**YOUR INSTRUCTIONS**
Exclude pictures and give again exactly the lines of the listing, beginning with its first line and ending with the one that contains "note: '?' marks".

*** Opening AVAILABLE DATA ***

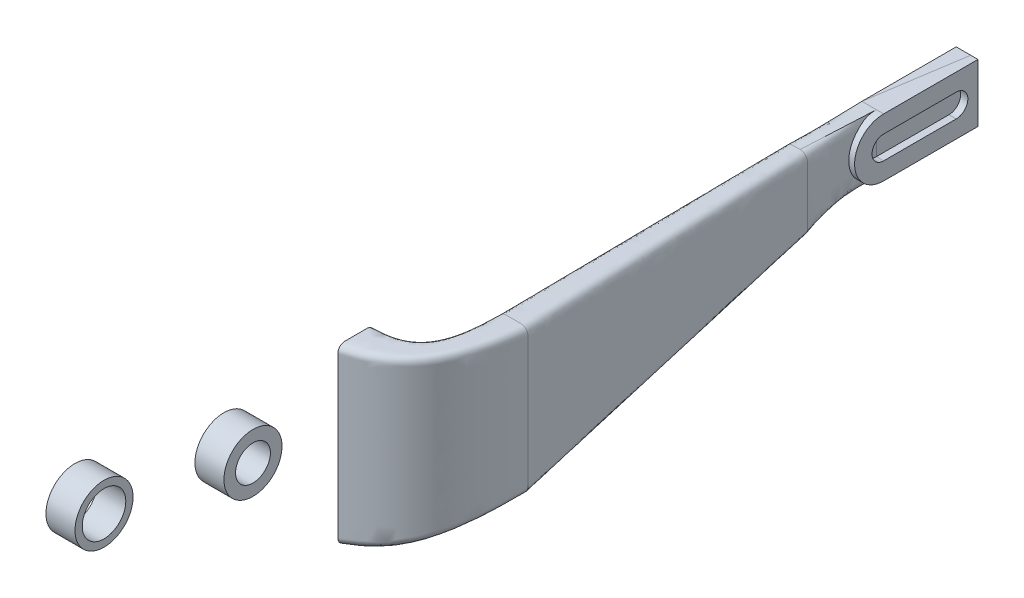
SolidWorks part; units mm, degrees
note: '?' marks a value the reader was unsure of. The reader was unsure of these and kept them because the rebuilt part matched: shared geometry of "Szkic3<4>", "Szkic4<3>", "Szkic7<4>".
ref_plane "Płaszczyzna przednia" through (0, 0, 0) normal (0, 0, 1) x (1, 0, 0)
ref_plane "Płaszczyzna górna" through (0, 0, 0) normal (0, 1, 0) x (1, 0, 0)
ref_plane "Płaszczyzna prawa" through (0, 0, 0) normal (1, 0, 0) x (0, 0, -1)
sketch "Baza - płaszczyzna górna" plane through (0, 0, 0) normal (0, 1, 0) x (1, 0, 0)
  line L0 (0, 0) -> (0, 512) construction
  line L1 (117.5, 147.6) -> (-117.5, 147.6) construction
  line L2 (135, 0) -> (-135, 0) construction
  line L3 (-117.5, 512) -> (117.5, 512) construction
  line L4 (-117.5, 512) -> (-117.5, 147.6) construction
  line L5 (117.5, 512) -> (117.5, 147.6) construction
  line L6 (117.5, 186) -> (-117.5, 186) construction
  line L7 (135, 22.5) -> (135, -22.5) construction
  line L8 (-135, 22.5) -> (-135, -22.5) construction
  line L9 (117.5, 512) -> (125, 512) construction
  line L10 (125, 512) -> (125, 147.6) construction
  line L11 (125, 147.6) -> (117.5, 147.6) construction
  point P2 (0, 487)
  point P7 (0, 0)
  point P10 (0, 512)
  point P12 (0, 147.6)
  point P16 (135, 0)
  dimension "D1" = 512
  dimension "D2" = 147.6
  dimension "D3" = 270
  dimension "D4" = 235
  dimension "D5" = 326
  dimension "D6" = 45
  dimension "D7" = 25
  dimension "D8" = 125
sketch "Baza - płaszczyzna prawa" plane through (0, 0, 0) normal (1, 0, 0) x (0, 0, -1)
  line L0 (0, 0) -> (512, 0) construction
  line L1 (0, 0) -> (512, 0) construction
  line L2 (147.6, 0) -> (147.6, -66) construction
  arc A2 (440.6668, 297.4126) -> (440.6668, -297.4126) centre (487, 0) ccw
  dimension "D5" = 301
  dimension "D1" = 66
  dimension "D2" = 147.6
ref_plane "Powierzchnia styku z ramą" through (135, 0, 0) normal (1, 0, 0) x (0, 0, -1)
sketch "Szkic - insert - rama" plane through (135, 0, 0) normal (1, 0, 0) x (0, 0, -1)
  circle A0 centre (0, 0) radius 20
  circle A1 centre (0, 0) radius 15
  dimension "D1" = 40
  dimension "D2" = 30
ref_plane "Powierzchnia graniczna koła" through (125, 0, 0) normal (1, 0, 0) x (0, 0, -1)
ref_plane "Płaszczyzna pracy łańcucha" through (100, 0, 0) normal (1, 0, 0) x (0, 0, -1)
sketch "Łańcuch - baza" plane through (100, 0, 0) normal (1, 0, 0) x (0, 0, -1)
  line L0 (0, 0) -> (-72.4444, -19.4114) construction
  line L1 (0, 0) -> (512, 0) construction
  dimension "D1" = 75
  dimension "D2" = 165
sketch "Łańcuch - zarys" plane through (100, 0, 0) normal (1, 0, 0) x (0, 0, -1)
  line L0 (-75.0521, 2.4335) -> (503.4658, 71.4924)
  line L1 (-83.5151, 37.5222) -> (483.2736, 147.733)
  line L2 (-72.4444, -19.4114) -> (512, 0) construction
  line L3 (-79.7129, -76.9542) -> (493.1396, -149.3135)
  line L4 (-73.5969, -41.3812) -> (508.2284, -71.9011)
  circle A0 centre (-72.4444, -19.4114) radius 22
  circle A1 centre (512, 0) radius 72
  arc A2 (-83.5151, 37.5222) -> (-79.7129, -76.9542) centre (-72.4444, -19.4114) ccw
  arc A3 (493.1396, -149.3135) -> (483.2736, 147.733) centre (512, 0) ccw
  point P0 (-72.4444, -19.4114)
  point P2 (512, 0)
  dimension "D1" = 44
  dimension "D2" = 144
  dimension "D3" = 116
  dimension "D4" = 301
ref_axis "Oś tynego koła" through (-117.5, 0, -512) along (1, 0, 0)?
ref_axis "Oś mocowania do ramy" through (135, 0, 0) along (-1, 0, 0)?
ref_axis "Oś mocowania linkage" through (0, -66, -147.6) along (1, 0, 0)?
sketch "Szkic - insert - linkage" plane through (0, 0, 0) normal (1, 0, 0) x (0, 0, -1)
  circle A0 centre (147.6, -66) radius 12
  circle A1 centre (147.6, -66) radius 20
  dimension "D1" = 40
  dimension "D2" = 24
extrude "Rama" add sketch "Szkic - insert - rama" against normal mid plane 20 from offset 55 offset against normal yes
extrude "Linkage" add sketch "Szkic - insert - linkage" along normal blind 20 from offset 25 separate body
sketch "Szkic - insert - tylne koło" plane through (125, 0, 0) normal (1, 0, 0) x (0, 0, -1)
  line L0 (487, 20) -> (552, 20)
  line L1 (512, 0) -> (147.6, 0) construction
  line L2 (487, -20) -> (552, -20)
  line L3 (537, 8) -> (487, 8)
  line L4 (537, -8) -> (487, -8)
  line L5 (552, -20) -> (552, 20)
  arc A1 (487, 8) -> (487, -8) centre (487, 0) ccw
  arc A2 (537, -8) -> (537, 8) centre (537, 0) ccw
  arc A3 (487, 20) -> (487, -20) centre (487, 0) ccw
  dimension "D1" = 40
  dimension "D3" = 8
  dimension "D2" = 65
  dimension "D4" = 487
  dimension "D5" = 537
extrude "Tylne koło" add sketch "Szkic - insert - tylne koło" along normal blind 15 separate body
sketch "Szkic otwór łańcuch" plane through (0, 0, 0) normal (0, 0, 1) x (1, 0, 0)
  line L3 (100, -130) -> (110, -130)
  line L13 (115, -125) -> (115, -45)
  line L14 (110, -40) -> (100, -40)
  line L15 (95, -45) -> (95, -125)
  arc A0 (100, -130) -> (95, -125) centre (100, -125) cw
  arc A1 (110, -130) -> (115, -125) centre (110, -125) ccw
  arc A2 (115, -45) -> (110, -40) centre (110, -45) ccw
  arc A3 (100, -40) -> (95, -45) centre (100, -45) ccw
  dimension "D1" = 5
  dimension "D2" = 95
  dimension "D3" = 20
  dimension "D4" = 40
  dimension "D5" = 90
ref_plane "Górna +30mm" through (0, 30, 0) normal (0, 1, 0) x (1, 0, 0)
ref_plane "Płaszczyzna1" through (0, 0, -552) normal (0, 0, 1) x (1, 0, 0)
sketch "Szkic2" plane through (0, 0, -552) normal (0, 0, 1) x (1, 0, 0)
  line L0 (125, -20) -> (135, -20)
  line L1 (125, -20) -> (125, 20) construction
  line L2 (125, -20) -> (125, 20)
  line L3 (135, -20) -> (135, 20)
  line L4 (135, 20) -> (125, 20)
  dimension "D1" = 10
ref_plane "Płaszczyzna2" through (0, 0, -487) normal (0, 0, 1) x (1, 0, 0)
sketch "Szkic3" plane through (0, 0, -487) normal (0, 0, 1) x (1, 0, 0)
  line L0 (125, -20) -> (125, 20) construction
  line L1 (125, -20) -> (125, 20)
  line L2 (125, 20) -> (135, 20)
  line L3 (135, 20) -> (135, -20)
  line L4 (135, -20) -> (125, -20)
  dimension "D1" = 10
ref_plane "Płaszczyzna3" through (0, 0, -437) normal (0, 0, 1) x (1, 0, 0)
sketch "Szkic4" plane through (0, 0, -437) normal (0, 0, 1) x (1, 0, 0)
  line L8 (125, 20) -> (135, 20) construction
  line L9 (135, 20) -> (135, -20) construction
  line L10 (125, -20) -> (125, 20) construction
  line L15 (135, -20) -> (125, -20) construction
  line L16 (135, -20) -> (125, -20) construction
  line L17 (125, -20) -> (125, 20) construction
  line L18 (135, 20) -> (135, -20) construction
  line L19 (125, 20) -> (135, 20) construction
  line L21 (127.5, 20) -> (132.5, 20)
  line L22 (122.5, 15) -> (122.5, -25)
  line L23 (127.5, -30) -> (132.5, -30)
  line L24 (137.5, 15) -> (137.5, -25)
  arc A0 (127.5, 20) -> (122.5, 15) centre (127.5, 15) ccw
  arc A1 (132.5, 20) -> (137.5, 15) centre (132.5, 15) cw
  arc A2 (132.5, -30) -> (137.5, -25) centre (132.5, -25) ccw
  arc A3 (122.5, -25) -> (127.5, -30) centre (127.5, -25) ccw
  point P0 (0, 0)
  point P11 (122.5, 20)
  point P14 (137.5, 20)
  point P19 (122.5, -30)
  point P22 (0, 0)
  dimension "D3" = 2.5
  dimension "D4" = 5
  dimension "D1" = 15
  dimension "D2" = 50
ref_plane "Płaszczyzna4" through (135, 0, 0) normal (1, 0, 0) x (0, 0, -1)
sketch "Szkic5" plane through (135, 0, 0) normal (1, 0, 0) x (0, 0, -1)
  line L0 (506.9623, -20) -> (467.0377, -20) construction
  line L1 (487, 20) -> (437, 20)
  spline S0 degree 3 poles (437, -30) (452.798, -22.2655) (470.3647, -20) (487, -20) knots 0 0 0 0 1 1 1 1
  point P0 (437, -30)
  point P2 (487, -20)
surface "Powierzchnia-Wyciągnięcie po profilach1"
surface "Powierzchnia-Wyciągnięcie po profilach2"
sketch "Szkic3<4>" plane through (0, 0, -487) normal (0, 0, 1) x (1, 0, 0) same geometry as "Szkic3"
ref_plane "Płaszczyzna5" through (0, 0, -237) normal (0, 0, 1) x (1, 0, 0)
sketch "Szkic7" plane through (0, 0, -237) normal (0, 0, 1) x (1, 0, 0)
  line L0 (127.5, 20) -> (132.5, 20) construction
  line L1 (127.5, 20) -> (132.5, 20) construction
  line L3 (130, 20) -> (140, 20)
  line L4 (125, 15) -> (125, -75)
  line L5 (130, -80) -> (140, -80)
  line L6 (145, 15) -> (145, -75)
  arc A0 (140, -80) -> (145, -75) centre (140, -75) ccw
  arc A1 (125, -75) -> (130, -80) centre (130, -75) ccw
  arc A2 (140, 20) -> (145, 15) centre (140, 15) cw
  arc A3 (130, 20) -> (125, 15) centre (130, 15) ccw
  point P8 (145, -80)
  point P13 (145, 20)
  point P16 (125, 20)
  dimension "D3" = 5
  dimension "D1" = 100
  dimension "D2" = 20
  dimension "D4" = 2.5
  dimension "D5" = 0
surface "Powierzchnia-Wyciągnięcie po profilach3"
sketch "Szkic4<3>" plane through (0, 0, -437) normal (0, 0, 1) x (1, 0, 0) same geometry as "Szkic4"
ref_plane "Płaszczyzna6" through (90, 0, 0) normal (1, 0, 0) x (0, 0, -1)
sketch "Szkic8" plane through (90, 0, 0) normal (1, 0, 0) x (0, 0, -1)
  line L0 (60.185, 20) -> (206.8274, 20) construction
  line L1 (186, 0) -> (186, 98.6419) construction
  line L3 (181, 20) -> (166, 20)
  line L4 (186, 15) -> (186, -95)
  line L5 (181, -100) -> (166, -100)
  line L6 (161, 15) -> (161, -95)
  arc A0 (186, -95) -> (181, -100) centre (181, -95) cw
  arc A1 (166, -100) -> (161, -95) centre (166, -95) cw
  arc A2 (181, 20) -> (186, 15) centre (181, 15) cw
  arc A3 (166, 20) -> (161, 15) centre (166, 15) ccw
  point P2 (186, 0)
  point P15 (161, -100)
  point P18 (186, 20)
  point P21 (161, 20)
  dimension "D4" = 5
  dimension "D1" = 20
  dimension "D2" = 120
  dimension "D3" = 25
sketch "Szkic9" plane through (0, 0, 0) normal (0, 1, 0) x (1, 0, 0)
  line L0 (125, 260.2457) -> (125, 213.7543) construction
  line L1 (111.3221, 186) -> (68.6779, 186) construction
  spline S0 degree 3 poles (90, 186) (116.6526, 186) (125, 196.0772) (125, 237) knots 0 0 0 0 1 1 1 1
  point P0 (125, 237)
  point P2 (90, 186)
surface "Powierzchnia-Wyciągnięcie po profilach5"
sketch "Szkic7<4>" plane through (0, 0, -237) normal (0, 0, 1) x (1, 0, 0) same geometry as "Szkic7"
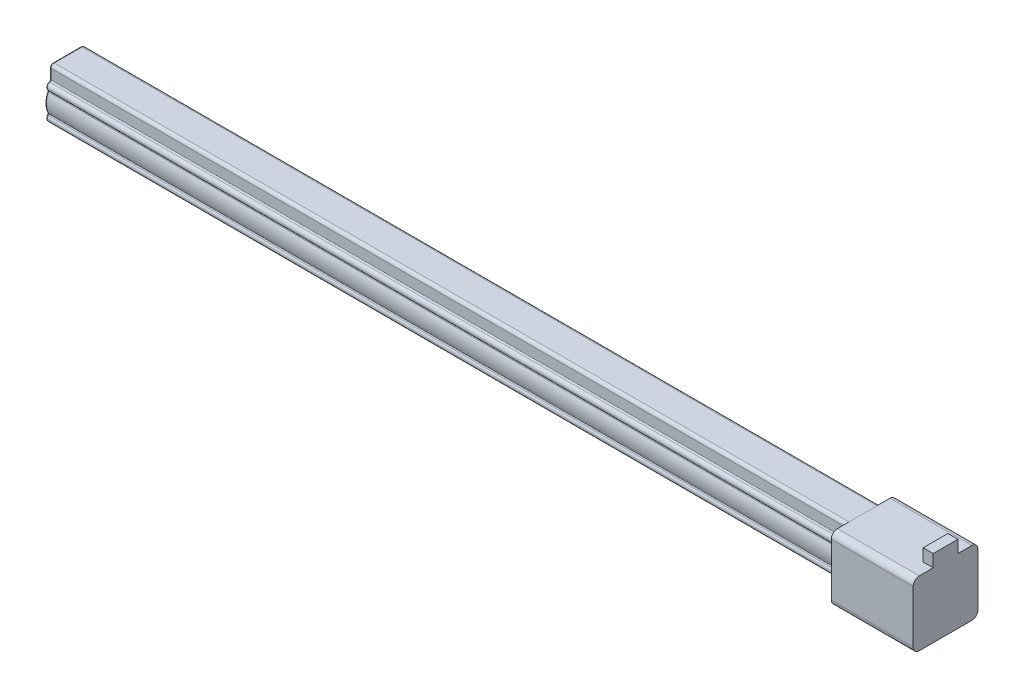
SolidWorks part; units mm, degrees
ref_plane "Спереди" through (0, 0, 0) normal (0, 0, 1) x (1, 0, 0)
ref_plane "Сверху" through (0, 0, 0) normal (0, 1, 0) x (1, 0, 0)
ref_plane "Справа" through (0, 0, 0) normal (1, 0, 0) x (0, 0, -1)
sketch "Эскиз1" plane through (0, 0, 0) normal (0, 0, 1) x (1, 0, 0)
  line L0 (-29, 21) -> (-545, 21)
  line L1 (24, -21) -> (-24, -21)
  line L2 (24, -21) -> (24, 21)
  line L3 (24, 21) -> (-24, 21)
  line L4 (-24, -21) -> (-24, 21)
  line L5 (24, -21) -> (-24, 21) construction
  line L6 (24, 21) -> (-24, -21) construction
  line L7 (-24, -21) -> (-29, -21)
  line L8 (-24, -21) -> (-24, 21)
  line L9 (-24, 21) -> (-29, 21)
  line L10 (-29, -21) -> (-29, 21)
  line L11 (-545, 21) -> (-545, -14)
  line L12 (-545, -14) -> (-29, -14)
  point P0 (0, 0)
  dimension "D1" = 48
  dimension "D2" = 42
  dimension "D3" = 5
  dimension "D4" = 516
  dimension "D5" = 35
extrude "Бобышка-Вытянуть1" add sketch "Эскиз1" along normal blind 42 contours L11 L12 L10 L0 | L10 L7 L4 L9 | L4 L1 L2 L3 region at (-287, 3.5, 0) region at (-26.5, 0, 0) region at (0, 0, 0)
sketch "Эскиз2" plane through (0, 0, 42) normal (0, 0, 1) x (1, 0, 0)
  line L0 (-29, -14) -> (-29, 21)
  line L1 (24, 21) -> (-545, 21) construction
split line "Разделяющая линия1"
sketch "Эскиз3" plane through (0, 21, 0) normal (0, 1, 0) x (1, 0, 0)
  line L1 (-545, 0) -> (-29, 0)
  line L2 (-545, 0) -> (-545, -42)
  line L3 (-545, -42) -> (-29, -42)
  line L4 (-29, 0) -> (-29, -42)
extrude "Вырез-Вытянуть1" cut sketch "Эскиз3" against normal blind 0.5
fillet "Скругление1" radius 7 4 edges at (-287, -14, 0) (-287, 20.5, 0) (-287, -14, 42) (-287, 20.5, 42)
sketch "Эскиз4" plane through (-545, 0, 0) normal (-1, 0, 0) x (0, 0, 1)
  line L0 (21, 21) -> (21, -21) construction
  line L1 (42, 21) -> (0, 21) construction
  line L2 (42, -21) -> (0, -21) construction
  circle A0 centre (21, 0) radius 10
  dimension "D1" = 20
extrude "Вырез-Вытянуть2" cut sketch "Эскиз4" against normal up to surface (516 mm away) up to face at (-29, -14.4832, 21)
sketch "Эскиз5" plane through (-545, 0, 0) normal (-1, 0, 0) x (0, 0, 1)
  line L1 (32, 7.5) -> (10, 7.5)
  line L2 (32, 7.5) -> (32, 20.5)
  line L3 (32, 20.5) -> (10, 20.5)
  line L4 (0, 13.5) -> (0, -7)
  line L5 (7, -14) -> (35, -14)
  line L6 (42, -7) -> (42, 13.5)
  line L7 (35, 20.5) -> (7, 20.5)
  line L8 (0, 13.5) -> (0, -7)
  line L9 (7, -14) -> (35, -14)
  line L10 (42, -7) -> (42, 13.5)
  line L11 (35, 20.5) -> (7, 20.5)
  line L12 (10, 7.5) -> (10, 20.5)
  line L13 (32, 7.5) -> (10, 20.5) construction
  line L14 (32, 20.5) -> (10, 7.5) construction
  line L15 (32, -8.6603) -> (10, -8.6603)
  line L16 (32, -8.6603) -> (32, 8.6603)
  line L17 (32, 8.6603) -> (10, 8.6603)
  line L18 (10, -8.6603) -> (10, 8.6603)
  line L19 (32, -8.6603) -> (10, 8.6603) construction
  line L20 (32, 8.6603) -> (10, -8.6603) construction
  circle A0 centre (21, 0) radius 14
  circle A1 centre (10, 8.6603) radius 2.5
  circle A2 centre (10, -8.6603) radius 2.5
  circle A3 centre (32, -8.6603) radius 2.5
  circle A4 centre (32, 8.6603) radius 2.5
  arc A5 (0, -7) -> (7, -14) centre (7, -7) ccw
  arc A6 (35, -14) -> (42, -7) centre (35, -7) ccw
  arc A7 (42, 13.5) -> (35, 20.5) centre (35, 13.5) ccw
  arc A8 (7, 20.5) -> (0, 13.5) centre (7, 13.5) ccw
  arc A9 (0, -7) -> (7, -14) centre (7, -7) ccw
  arc A10 (35, -14) -> (42, -7) centre (35, -7) ccw
  arc A11 (42, 13.5) -> (35, 20.5) centre (35, 13.5) ccw
  arc A12 (7, 20.5) -> (0, 13.5) centre (7, 13.5) ccw
  point P5 (21, 14)
  line M11 (0, 13.5) -> (0, -7)
  arc M12 (0, -7) -> (7, -14) centre (7, -7) ccw
  line M13 (7, -14) -> (35, -14)
  arc M14 (35, -14) -> (42, -7) centre (35, -7) ccw
  line M15 (42, -7) -> (42, 13.5)
  arc M16 (42, 13.5) -> (35, 20.5) centre (35, 13.5) ccw
  line M17 (35, 20.5) -> (7, 20.5)
  arc M18 (7, 20.5) -> (0, 13.5) centre (7, 13.5) ccw
  dimension "D3" = 5
  dimension "D2" = 22
  dimension "D1" = 0
extrude "Вырез-Вытянуть3" cut sketch "Эскиз5" against normal up to surface (516 mm away) contours A0 L12 M17 M18 M11 M12 M13 | A0 L9 L2 M14 M15 M16 M17 region at (-545, 2.964, 36.9969) region at (-545, 2.964, 5.0031) up to face at (-29, 18.8166, 21)
fillet "Скругление2" radius 2 2 edges at (-287, 20.5, 10) (-287, 20.5, 32)
fillet "Скругление3" radius 4 4 edges at (-2.5, -21, 0) (-2.5, -21, 42) (-2.5, 21, 0) (-2.5, 21, 42)
fillet "Скругление5" radius 1 20 edges at (-545, 9.3722, 7.6035) (-545, -10.2067, 8.0357) (-545, -10.2067, 33.9643) (-545, 9.3722, 34.3965) (-545, 14.8301, 32) (-545, 19.9142, 31.4142) (-545, 20.5, 21) (-545, 19.9142, 10.5858) (-287, 11.1603, 10) (-287, 6.5657, 8.6351) (-287, -6.5657, 8.6351) (-287, -10.4786, 11.7157) (-287, -10.4786, 30.2843) (-287, -6.5657, 33.3649) (-287, 6.5657, 33.3649) (-287, 11.1603, 32) (-545, -14, 21) (-545, 0, 7) (-545, 0, 35) (-545, 14.8301, 10)
sketch "Эскиз6" plane through (0, 21, 0) normal (0, 1, 0) x (1, 0, 0)
  line L0 (24, -38) -> (24, -4) construction
  line L1 (30.5, -29) -> (17.5, -29)
  line L2 (30.5, -29) -> (30.5, -13)
  line L3 (30.5, -13) -> (17.5, -13)
  line L4 (17.5, -29) -> (17.5, -13)
  line L5 (30.5, -29) -> (17.5, -13) construction
  line L6 (30.5, -13) -> (17.5, -29) construction
  point P0 (24, -21)
  line M3 (24, -38) -> (24, -4)
  dimension "D1" = 13
  dimension "D2" = 16
extrude "Бобышка-Вытянуть2" add sketch "Эскиз6" along normal blind 8 contours L4 L1 L3 M3 region at (20.75, 21, 21)

*** Closing AVAILABLE DATA ***

**FINISHED EXERCISE**
SolidWorks part; units mm, degrees
note: '?' marks a value the reader was unsure of. The reader was unsure of these and kept them because the rebuilt part matched: shared geometry of "Szkic3<4>", "Szkic4<3>", "Szkic7<4>".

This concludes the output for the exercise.